In the records below, find the line that contains "constraints: 12 end" and repeat it, along with each line after it, exactly as written.

Dataset entries
* * * *
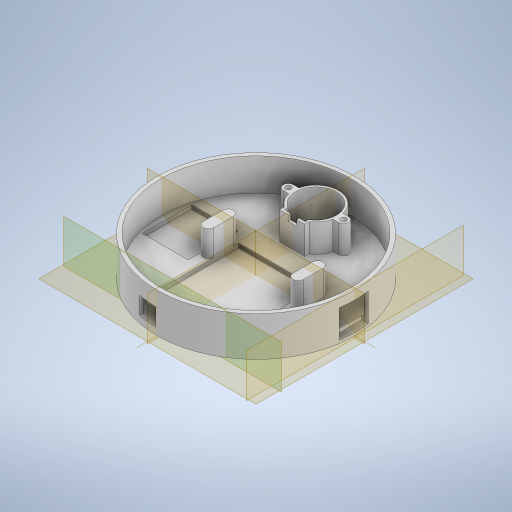
# Autodesk Inventor part: gehäuse_scan
Saved by Autodesk Inventor 2023 (Build 270158000, 158)
## iProperties
Created: 2022-06-30
Part Number: gehäuse_scan
Material: Generic
Document SubType Name: Modeling
Designer: Habib
Density: 1 g/cm^3
Appearance: Default
Author: Habib
Autodesk Inventor part; units mm, degrees
sketch "Sketch1" plane through (0, 0, 0) normal (0, 1, 0) x (-1, 0, 0)
  circle A0 centre (0, 0) radius 68.75
  dimension "d0" = 137.5
  constraints: 1 centre point, 1 coincident
  measures "d0" diameter of A0
extrude "Extrusion1" add sketch "Sketch1" along normal blind 27.5
sketch "Sketch2" plane through (0, 27.5, 0) normal (0, 1, 0) x (1, 0, 0)
  circle A0 centre (0, 0) radius 66
  dimension "d4" = 132
  constraints: 1 centre point, 1 coincident
  measures "d4" diameter of A0
extrude "Extrusion2" cut sketch "Sketch2" against normal blind 22.5
sketch "Sketch3" plane through (0, 5, 0) normal (0, 1, 0) x (1, 0, 0)
  circle A0 centre (0, 0) radius 68.75 projected
  line L0 (0, 68.75) -> (0, 41.75)
  arc A1 (7.1286, 29.4112) -> (-7.3714, 29.5547) centre (0, 41.75) ccw
  line L1 (8.5358, 25.4622) -> (-8.9642, 25.4622)
  line L2 (8.5358, 25.4622) -> (8.5358, 28.5136)
  line L3 (-8.9642, 25.4622) -> (-8.9642, 28.7999)
  line L4 (-7.3714, 29.5547) -> (-7.3714, 27.0547)
  line L5 (-7.3714, 27.0547) -> (7.1286, 27.0547)
  line L6 (7.1286, 27.0547) -> (7.1286, 29.4112)
  arc A2 (19.25, 38.25) -> (19.25, 45.25) centre (19.25, 41.75) ccw
  line L7 (19.25, 45.25) -> (15.3562, 45.25)
  line L8 (19.25, 38.25) -> (15.3562, 38.25)
  arc A3 (-19.25, 45.25) -> (-19.25, 38.25) centre (-19.25, 41.75) ccw
  line L9 (-19.25, 45.25) -> (-15.3562, 45.25)
  line L10 (-19.25, 38.25) -> (-15.3562, 38.25)
  arc A4 (-15.3562, 38.25) -> (-8.9642, 28.7999) centre (0, 41.75) ccw
  arc A5 (8.5358, 28.5136) -> (15.3562, 38.25) centre (0, 41.75) ccw
  arc A6 (15.3562, 45.25) -> (-15.3562, 45.25) centre (0, 41.75) ccw
  dimension "d7" = 27
  dimension "d8" = 28.5
  dimension "d12" = 17.5
  dimension "d14" = 2.5
  dimension "d15" = 14.5
  constraints: 22 end point, 12 point on circle, 6 centre point, 5 symmetric about line, 2 coincident, 2 horizontal, 2 parallel, 2 perpendicular, 2 vertical, 1 tangent, 1 vertical alignment, 2 other
  measures "d7" distance of L0.start L0.end
  measures "d8" diameter of A1
  measures "d12" distance of L1.start L1.end
  measures "d14" distance of L4.start L4.end
  measures "d15" distance of L4.end L5.end
extrude "Extrusion3" add sketch "Sketch3" along normal blind 19.5 contours L1 L3 A4 L10 A3 L9 A6 L7 A2 L8 A5 L2
sketch "Sketch4" plane through (0, 24.5, 0) normal (0, 1, 0) x (1, 0, 0)
  line L0 (-8.9642, 25.4622) -> (8.5358, 25.4622) projected
  line L1 (-0.002, 25.4622) -> (2.998, 25.4622)
  line L2 (2.998, 25.4622) -> (2.998, 27.0547)
  line L3 (2.998, 27.0547) -> (-3.002, 27.0547)
  line L4 (7.1286, 27.0547) -> (-7.3714, 27.0547) projected
  line L5 (-3.002, 27.0547) -> (-3.002, 25.4622)
  line L6 (-3.002, 25.4622) -> (-0.002, 25.4622)
  point P0 (0, 0)
  dimension "d18" = 3
  dimension "d19" = 6
  constraints: 10 end point, 4 point on line, 3 perpendicular
  measures "d18" distance of L1.start L1.end
  measures "d19" distance of L2.end L3.end
extrude "Extrusion4" cut sketch "Sketch4" against normal blind 4
sketch "Sketch5" plane through (0, 24.5, 0) normal (0, 1, 0) x (1, 0, 0)
  arc A0 (-19.25, 45.25) -> (-19.25, 38.25) centre (-19.25, 41.75) ccw projected
  circle A1 centre (-19.25, 41.75) radius 2
  arc A2 (19.25, 38.25) -> (19.25, 45.25) centre (19.25, 41.75) ccw projected
  circle A3 centre (19.25, 41.75) radius 2
  point P0 (0, 0)
  dimension "d24" = 4
  dimension "d25" = 4
  constraints: 2 centre point, 2 coincident
  measures "d24" diameter of A1
  measures "d25" diameter of A3
extrude "Extrusion5" cut sketch "Sketch5" against normal blind 19
sketch "Sketch6" plane through (0, 5, 0) normal (0, 1, 0) x (1, 0, 0)
  line L0 (-30, 0) -> (-30, 17.25)
  line L1 (-30, 17.25) -> (-62, 17.25)
  line L2 (-62, 17.25) -> (-62, -17.25)
  line L3 (-62, -17.25) -> (-30, -17.25)
  line L4 (-30, -17.25) -> (-30, 0)
  point P0 (0, 0)
  dimension "d28" = 30
  dimension "d29" = 17.25
  dimension "d30" = 32
  dimension "d31" = 90
  dimension "d32" = 34.5
  constraints: 10 end point, 4 perpendicular, 1 point on line
  measures "d28" distance of point (0, 0) L0.start
  measures "d29" distance of L0.start L0.end
  measures "d30" distance of L0.end L1.end
  measures "d31" angle of L1 L0
  measures "d32" distance of L1.end L2.end
extrude "Extrusion6" cut sketch "Sketch6" against normal blind 2.75
sketch "Sketch7" plane through (0, 5, 0) normal (0, 1, 0) x (1, 0, 0)
  line L0 (-30, 17.25) -> (-30, -17.25) projected
  line L1 (-30, 0) -> (-26.25, 0)
  line L2 (-26.25, 0) -> (-26.25, 10.5)
  line L3 (-26.25, 10.5) -> (-26.25, -10.5) construction
  line L4 (-22.5, 6.75) -> (-22.5, -6.75)
  line L5 (-30, -6.75) -> (-30, 6.75)
  arc A0 (-22.5, 6.75) -> (-30, 6.75) centre (-26.25, 6.75) ccw
  arc A1 (-30, -6.75) -> (-22.5, -6.75) centre (-26.25, -6.75) ccw
  line L6 (-26.25, 0) -> (36.25, 0)
  line L7 (36.25, 0) -> (36.25, 10.5)
  line L8 (36.25, 10.5) -> (36.25, -10.5) construction
  line L9 (32.5, 6.75) -> (32.5, -6.75)
  line L10 (40, -6.75) -> (40, 6.75)
  arc A2 (40, 6.75) -> (32.5, 6.75) centre (36.25, 6.75) ccw
  arc A3 (32.5, -6.75) -> (40, -6.75) centre (36.25, -6.75) ccw
  line L11 (36.25, 10.5) -> (57.25, 10.5) construction
  point P0 (0, 0)
  dimension "d36" = 3.75
  dimension "d37" = 10.5
  dimension "d38" = 21
  dimension "d39" = 62.5
  dimension "d40" = 10.5
  dimension "d41" = 21
  dimension "d42" = 90
  dimension "d43" = 7.5
  constraints: 26 end point, 12 point on circle, 8 tangent, 5 point on line, 4 centre point, 3 horizontal, 3 midpoint, 2 parallel, 2 perpendicular, 1 collinear, 1 vertical
  measures "d36" distance of L1.start L1.end
  measures "d37" distance of L1.end L2.end
  measures "d38" distance of L2.end L3.end
  measures "d39" distance of L6.start L6.end
  measures "d40" distance of L6.end L7.end
  measures "d41" distance of L7.end L8.end
  measures "d42" angle of L8 L11
  measures "d43" diameter of A3
extrude "Extrusion7" add sketch "Sketch7" along normal blind 18
sketch "Sketch8" plane through (0, 5, 0) normal (0, 1, 0) x (1, 0, 0)
  line L0 (-22.5, 6.75) -> (-22.5, -6.75) projected
  line L1 (-22.5, 0) -> (-22.5, 10.5)
  line L2 (-22.5, 10.5) -> (31.5, 10.5)
  line L3 (31.5, 10.5) -> (31.5, -58.1)
  line L4 (31.5, -58.1) -> (-22.5, -58.1)
  line L5 (-22.5, -58.1) -> (-22.5, 10.5)
  point P0 (0, 0)
  dimension "d46" = 10.5
  dimension "d47" = 54
  dimension "d48" = 68.6
  constraints: 10 end point, 2 parallel, 1 collinear, 1 horizontal, 1 midpoint, 1 perpendicular
  measures "d46" distance of L1.start L1.end
  measures "d47" distance of L1.end L2.end
  measures "d48" distance of L2.end L3.end
extrude "Extrusion8" cut sketch "Sketch8" against normal blind 3
ref_plane "Work Plane1" through (-22.5, 2, 58.1) normal (0, 0, -1) x (-1, 0, 0)
sketch "Sketch9" plane through (-22.5, 2, 58.1) normal (0, 0, -1) x (-1, 0, 0)
  line L0 (-53.8112, 3) -> (0, 3) projected
  line L1 (0, 3) -> (-9, 3)
  line L2 (-9, 3) -> (-9, 15)
  line L3 (-9, 15) -> (-21.5, 15)
  line L4 (-21.5, 15) -> (-21.5, 3)
  line L5 (-21.5, 3) -> (-9, 3)
  line L6 (-54, 0) -> (0, 0) projected
  point P0 (-22.5, -2)
  dimension "d52" = 12
  dimension "d53" = 12.5
  constraints: 10 end point, 3 perpendicular, 2 point on line, 1 parallel
  measures "d52" distance of L1.end L2.end
  measures "d53" distance of L2.end L3.end
extrude "Extrusion9" cut sketch "Sketch9" against normal blind 102
ref_plane "Work Plane2" through (68.75, 0, 0) normal (1, 0, 0) x (0, 1, 0)
sketch "Sketch10" plane through (68.75, 0, 0) normal (1, 0, 0) x (0, 1, 0)
  line L0 (0, -68.75) -> (0, 68.75) projected
  line L1 (0, 0) -> (2, 0)
  line L2 (1.5818, 0) -> (1.5818, -10)
  line L3 (1.5818, -10) -> (21.5818, -10)
  line L4 (21.5818, -10) -> (21.5818, 10)
  line L5 (5, 10.5) -> (23, 10.5) projected
  line L6 (21.5818, 10) -> (1.5818, 10)
  line L7 (1.5818, 10) -> (1.5818, 0)
  line L8 (2, -10.5) -> (2, 58.1) projected
  point P0 (2, 10)
  point P1 (2, -10)
  dimension "d64" = 10
  dimension "d65" = 20
  dimension "d66" = 20
  dimension "d67" = 20
  constraints: 12 end point, 3 perpendicular, 2 point on line, 1 parallel
  measures "d64" distance of L2.start L2.end
  measures "d65" distance of L2.end L3.end
  measures "d66" distance of L3.end L4.end
  measures "d67" distance of L4.end L6.end
extrude "Extrusion10" cut sketch "Sketch10" against normal blind 5 contours L8 L6 L4 L3
body "Solid1"
* * * *
▸ Response area:
  constraints: 12 end point, 3 perpendicular, 2 point on line, 1 parallel
  measures "d64" distance of L2.start L2.end
  measures "d65" distance of L2.end L3.end
  measures "d66" distance of L3.end L4.end
  measures "d67" distance of L4.end L6.end
extrude "Extrusion10" cut sketch "Sketch10" against normal blind 5 contours L8 L6 L4 L3
body "Solid1"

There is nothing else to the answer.